Ting Fang, Lihan Huang, Lijun Liu, Fan Mei, Jinquan Chen
Food control 2015 v.53 pp. 140-146
Salmonella, USDA, computer software, food safety, growth models, mathematical models, microbial growth, microorganisms, oysters, predictive microbiology, raw foods, serotypes, shelf life, spoilage, temperature
The main objective of this study was to develop the primary and secondary models to describe the growth kinetics of Salmonella as well as background microorganisms in raw, shucked oysters. Samples, inoculated with a cocktail of two Salmonella serotypes, S. Typhimurium (CICC22956) and S. Enteritidis (CICC21482), were incubated at 4, 8, 12, 16, 20, 25, 30, 33, 37, 40, and 43 °C. Growth of Salmonella was observed at all temperatures, except at 4 °C. The background microorganisms grew at all temperatures. All growth curves clearly exhibited lag, exponential and stationary phases, and were analyzed using the Huang growth model. Three secondary models (Ratkowsky square-root, Huang square-root, and Cardinal parameter models) were compared for evaluating the effect of temperature on bacterial growth rates. Data analysis was performed using IPMP 2013, a free predictive microbiology software tool developed by the USDA ARS.The Cardinal parameters model underestimated the specific rates of the microorganisms at low temperatures.
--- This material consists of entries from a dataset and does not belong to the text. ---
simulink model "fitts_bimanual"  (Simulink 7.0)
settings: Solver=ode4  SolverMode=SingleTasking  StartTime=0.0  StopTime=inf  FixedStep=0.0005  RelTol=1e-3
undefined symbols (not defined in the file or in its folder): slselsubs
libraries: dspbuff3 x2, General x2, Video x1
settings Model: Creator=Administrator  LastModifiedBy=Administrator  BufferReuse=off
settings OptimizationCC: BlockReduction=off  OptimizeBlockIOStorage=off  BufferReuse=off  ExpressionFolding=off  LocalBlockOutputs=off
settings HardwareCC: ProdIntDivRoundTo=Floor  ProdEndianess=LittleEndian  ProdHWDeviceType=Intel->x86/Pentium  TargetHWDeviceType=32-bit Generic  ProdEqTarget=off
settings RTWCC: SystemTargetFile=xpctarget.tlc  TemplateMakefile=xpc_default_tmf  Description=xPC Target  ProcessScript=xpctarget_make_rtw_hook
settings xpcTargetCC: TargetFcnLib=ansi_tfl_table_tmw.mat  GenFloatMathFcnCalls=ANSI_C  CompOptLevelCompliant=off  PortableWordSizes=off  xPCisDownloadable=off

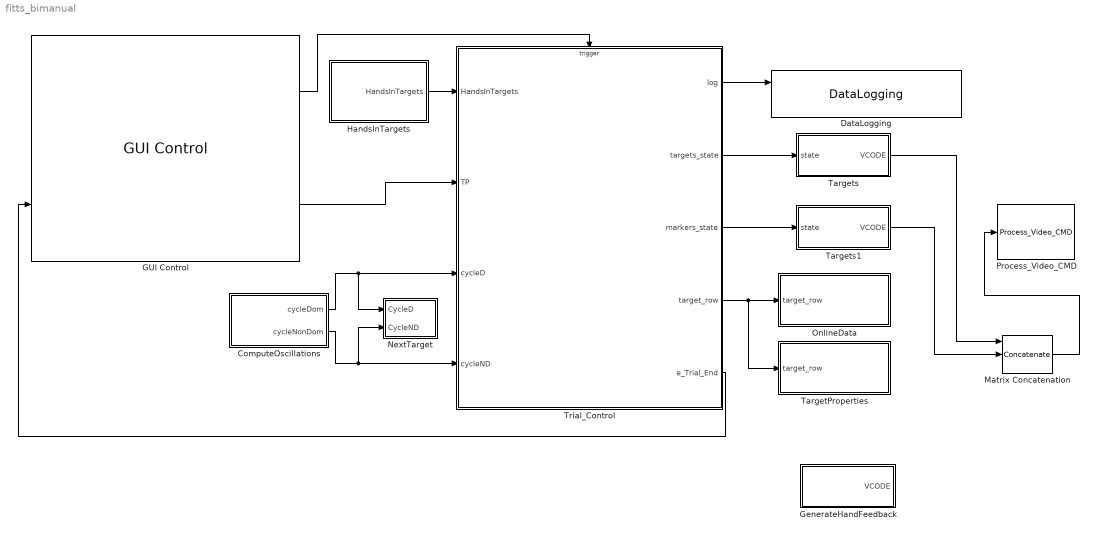
== system fitts_bimanual ==
  ComputeOscillations : Subsystem
  DataLogging : General/DataLogging  SystemSampleTime=-1  log_event_codes=on  log_analog_inputs=off
  GUI Control : General/GUI Control  SystemSampleTime=-1  target_type_str=Circle  Target_Type=1  XYcols=[1 2]  Vcols=3  Lcols=4  indices_padding=[0 0 0 0;0 0 0 0]  show_repeat_trial_flag=on
  GenerateHandFeedback : Subsystem
  HandsInTargets : Subsystem
  Matrix Concatenation : Concatenate  NumInputs=3  Mode=Multidimensional array
  NextTarget : Subsystem
  OnlineData : Subsystem
  Process_Video_CMD : Video/Process_Video_CMD  SystemSampleTime=-1
  TargetProperties : Subsystem
  Targets : Subsystem
  Targets1 : Subsystem
  Trial_Control : Stateflow chart
  wires:
  Matrix Concatenation/1 -> Process_Video_CMD/1
  Targets/1(VCODE) -> Matrix Concatenation/1
  GUI Control/1 -> Trial_Control/Trigger
  Trial_Control/5(e_Trial_End) -> GUI Control/2
  HandsInTargets/1(HandsInTargets) -> Trial_Control/1(HandsInTargets)
  GUI Control/2 -> Trial_Control/2(TP)
  Targets1/1(VCODE) -> Matrix Concatenation/2
  Trial_Control/2(targets_state) -> Targets/1(state)
  Trial_Control/3(markers_state) -> Targets1/1(state)
  Trial_Control/1(log) -> DataLogging/1
  ComputeOscillations/2(cycleNonDom) -> Trial_Control/4(cycleND), NextTarget/2(CycleND)
  ComputeOscillations/1(cycleDom) -> Trial_Control/3(cycleD), NextTarget/1(CycleD)
  Trial_Control/4(target_row) -> TargetProperties/1(target_row), OnlineData/1(target_row)

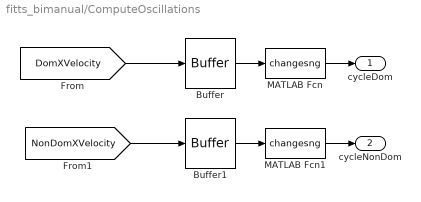
== system fitts_bimanual/ComputeOscillations ==
  Buffer : dspbuff3/Buffer  N=10  V=10  ic=0
  Buffer1 : dspbuff3/Buffer  N=10  V=10  ic=0
  MATLAB Fcn : MATLABFcn  MATLABFcn=changesng
  MATLAB Fcn1 : MATLABFcn  MATLABFcn=changesng
  cycleDom : Outport  OutDataType=sfix(16)  OutScaling=2^0
  cycleNonDom : Outport  Port=2  OutDataType=sfix(16)  OutScaling=2^0
  wires:
  Buffer/1 -> MATLAB Fcn/1
  MATLAB Fcn/1 -> cycleDom/1
  Buffer1/1 -> MATLAB Fcn1/1
  MATLAB Fcn1/1 -> cycleNonDom/1
  [DomXVelocity] -> Buffer/1
  [NonDomXVelocity] -> Buffer1/1

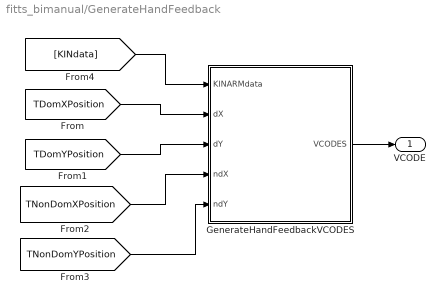
== system fitts_bimanual/GenerateHandFeedback ==
  GenerateHandFeedbackVCODES : Stateflow chart
  VCODE : Outport
  wires:
  GenerateHandFeedbackVCODES/1(VCODES) -> VCODE/1
  [KINdata] -> GenerateHandFeedbackVCODES/1(KINARMdata)
  [TDomXPosition] -> GenerateHandFeedbackVCODES/2(dX)
  [TDomYPosition] -> GenerateHandFeedbackVCODES/3(dY)
  [TNonDomXPosition] -> GenerateHandFeedbackVCODES/4(ndX)
  [TNonDomYPosition] -> GenerateHandFeedbackVCODES/5(ndY)

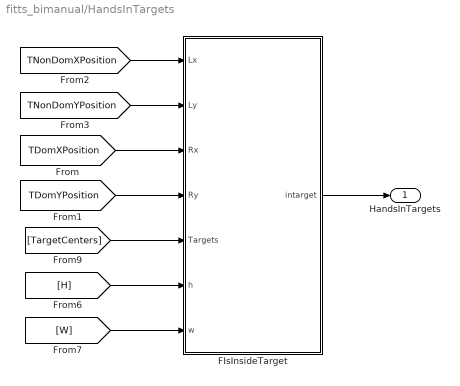
== system fitts_bimanual/HandsInTargets ==
  FIsInsideTarget : Stateflow chart
  HandsInTargets : Outport
  wires:
  [TargetCenters] -> FIsInsideTarget/5(Targets)
  [H] -> FIsInsideTarget/6(h)
  [W] -> FIsInsideTarget/7(w)
  FIsInsideTarget/1(intarget) -> HandsInTargets/1
  [TNonDomXPosition] -> FIsInsideTarget/1(Lx)
  [TNonDomYPosition] -> FIsInsideTarget/2(Ly)
  [TDomXPosition] -> FIsInsideTarget/3(Rx)
  [TDomYPosition] -> FIsInsideTarget/4(Ry)

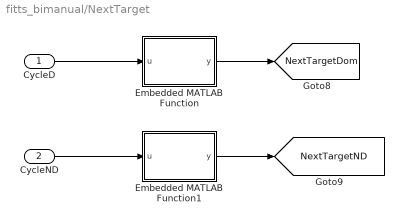
== system fitts_bimanual/NextTarget ==
  CycleD : Inport
  CycleND : Inport  Port=2
  Embedded MATLAB Function : Stateflow chart
  Embedded MATLAB Function1 : Stateflow chart
  tag scope: NextTargetDom=global, NextTargetND=global
  wires:
  CycleD/1 -> Embedded MATLAB Function/1(u)
  CycleND/1 -> Embedded MATLAB Function1/1(u)
  Embedded MATLAB Function/1(y) -> [NextTargetDom]
  Embedded MATLAB Function1/1(y) -> [NextTargetND]

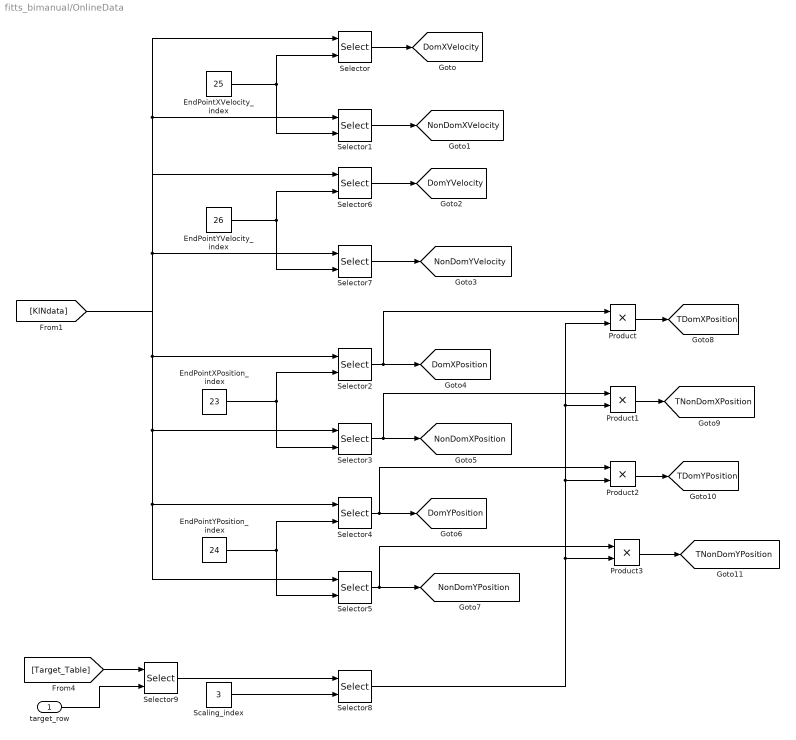
== system fitts_bimanual/OnlineData ==
  target_row : Inport  OutDataType=sfix(16)  OutScaling=2^0
  EndPointXPosition_index : Constant  Value=23  OutDataType=sfix(16)  OutScaling=2^0
  EndPointXVelocity_index : Constant  Value=25  OutDataType=sfix(16)  OutScaling=2^0
  EndPointYPosition_index : Constant  Value=24  OutDataType=sfix(16)  OutScaling=2^0
  EndPointYVelocity_index : Constant  Value=26  OutDataType=sfix(16)  OutScaling=2^0
  Product{,1..3} (4 alike) : Product  OutDataType=sfix(16)  OutScaling=2^0  RndMeth=Zero
  Scaling_index : Constant  Value=3  OutDataType=sfix(16)  OutScaling=2^0
  Selector{,2,4,6,8..9} (6 alike) : Selector  NumberOfDimensions=2  InputPortWidth=3  IndexOptions=Index vector (port),Index vector (dialog)  Indices=1,1  OutputSizes=slselsubs([(-2),(-2)],1),slselsubs([(-2),(-2)],2)
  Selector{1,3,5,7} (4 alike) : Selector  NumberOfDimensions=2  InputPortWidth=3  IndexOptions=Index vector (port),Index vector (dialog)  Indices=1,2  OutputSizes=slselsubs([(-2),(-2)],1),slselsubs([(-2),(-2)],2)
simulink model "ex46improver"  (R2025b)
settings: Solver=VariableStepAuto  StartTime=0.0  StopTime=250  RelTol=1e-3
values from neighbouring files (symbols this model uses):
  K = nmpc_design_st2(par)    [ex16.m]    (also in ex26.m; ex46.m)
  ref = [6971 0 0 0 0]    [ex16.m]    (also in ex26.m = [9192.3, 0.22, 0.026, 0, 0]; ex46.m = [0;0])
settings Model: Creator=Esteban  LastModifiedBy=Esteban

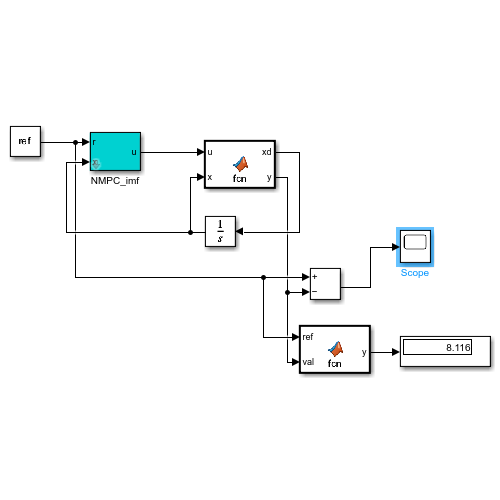
[thumbnail: Simulink's stored preview of the top-level diagram]
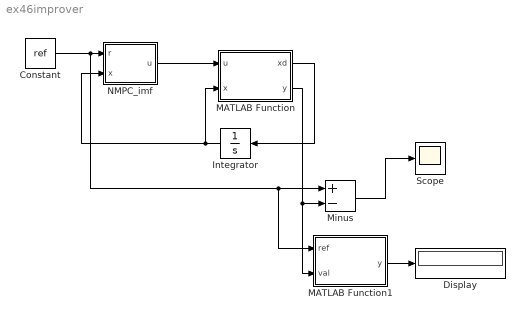
== system ex46improver ==
  Constant : Constant  Value=ref
  Display : Display
  Integrator : Integrator  InitialCondition=[-3000;600;0]
  MATLAB Function : MATLAB Function  TreatAsAtomicUnit=on
  MATLAB Function1 : MATLAB Function  TreatAsAtomicUnit=on
  Minus : Sum  Inputs=+-
  NMPC_imf : Subsystem  mask{K=K}
      mask prompts: K "NMPC structure"
  Scope : Scope
      settings: ActiveDisplayYMinimum=-1347.6652130875234  ActiveDisplayYMaximum=1698.1119160415669
  wires:
  Constant/1 -> Minus/1, MATLAB Function1/1(ref), NMPC_imf/1(r)
  NMPC_imf/1(u) -> MATLAB Function/1(u)
  MATLAB Function/1(xd) -> Integrator/1
  Integrator/1 -> NMPC_imf/2(x), MATLAB Function/2(x)
  Minus/1 -> Scope/1
  MATLAB Function/2(y) -> MATLAB Function1/2(val), Minus/2
  MATLAB Function1/1(y) -> Display/1

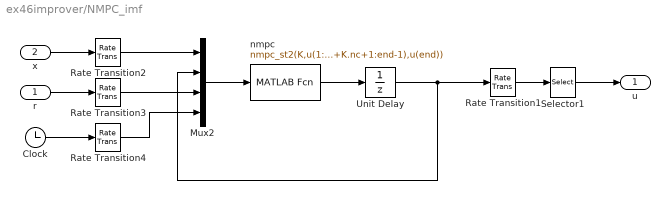
== system ex46improver/NMPC_imf ==
  r : Inport
  x : Inport  Port=2
  Clock : Clock
  Mux2 : Mux
  Rate Transition{1..4} (4 alike) : RateTransition  OutPortSampleTime=K.Ts
  Selector1 : Selector  InputPortWidth=K.nc  IndexOptions=Index vector (dialog)  Indices=1:K.nu  OutputSizes=1
  Unit Delay : UnitDelay  InitialCondition=zeros(K.nc,1)  SampleTime=K.Ts  HasFrameUpgradeWarning=on
  nmpc : MATLABFcn  MATLABFcn=nmpc_st2(K,u(1:K.nx),u(K.nx+1:K.nx+K.nc),u(K.nx+K.nc+1:end-1),u(end))  OutputDimensions=K.nc
  u : Outport  PortDimensions=K.nu
  wires:
  x/1 -> Rate Transition2/1
  Unit Delay/1 -> Rate Transition1/1, Mux2/2
  Mux2/1 -> nmpc/1
  r/1 -> Rate Transition3/1
  Rate Transition2/1 -> Mux2/1
  Rate Transition1/1 -> Selector1/1
  Rate Transition3/1 -> Mux2/3
  nmpc/1 -> Unit Delay/1
  Selector1/1 -> u/1
  Clock/1 -> Rate Transition4/1
  Rate Transition4/1 -> Mux2/4

== matlab function ex46improver/MATLAB Function ==
  data: xd output; u input; y output; x input
function [xd,y] = fcn(u,x)
th = x(3,:);
l = 1.5;
xd = [u(1)*cos(th);
      u(1)*sin(th);
      u(1)/l*tan(u(2))];

y = [x(1);x(2)];

== matlab function ex46improver/MATLAB Function1 ==
  data: ref input; y output; val input
function y = fcn(ref,val)

y = norm(ref-val);

The Huang square-root model was more suitable than the Ratkowsky square-root model for describing the effect of temperature on growth of Salmonella, while the Ratkowsky square-root model, on the other hand, was more suitable for background microorganisms. For both Salmonella and background microorganisms, the logarithms of the lag phase were expressed as linear functions of the logarithms of specific growth rates. The results of this study can be used by the food retailers and regulatory agencies to estimate the microbial shelf-life of raw, shucked oysters.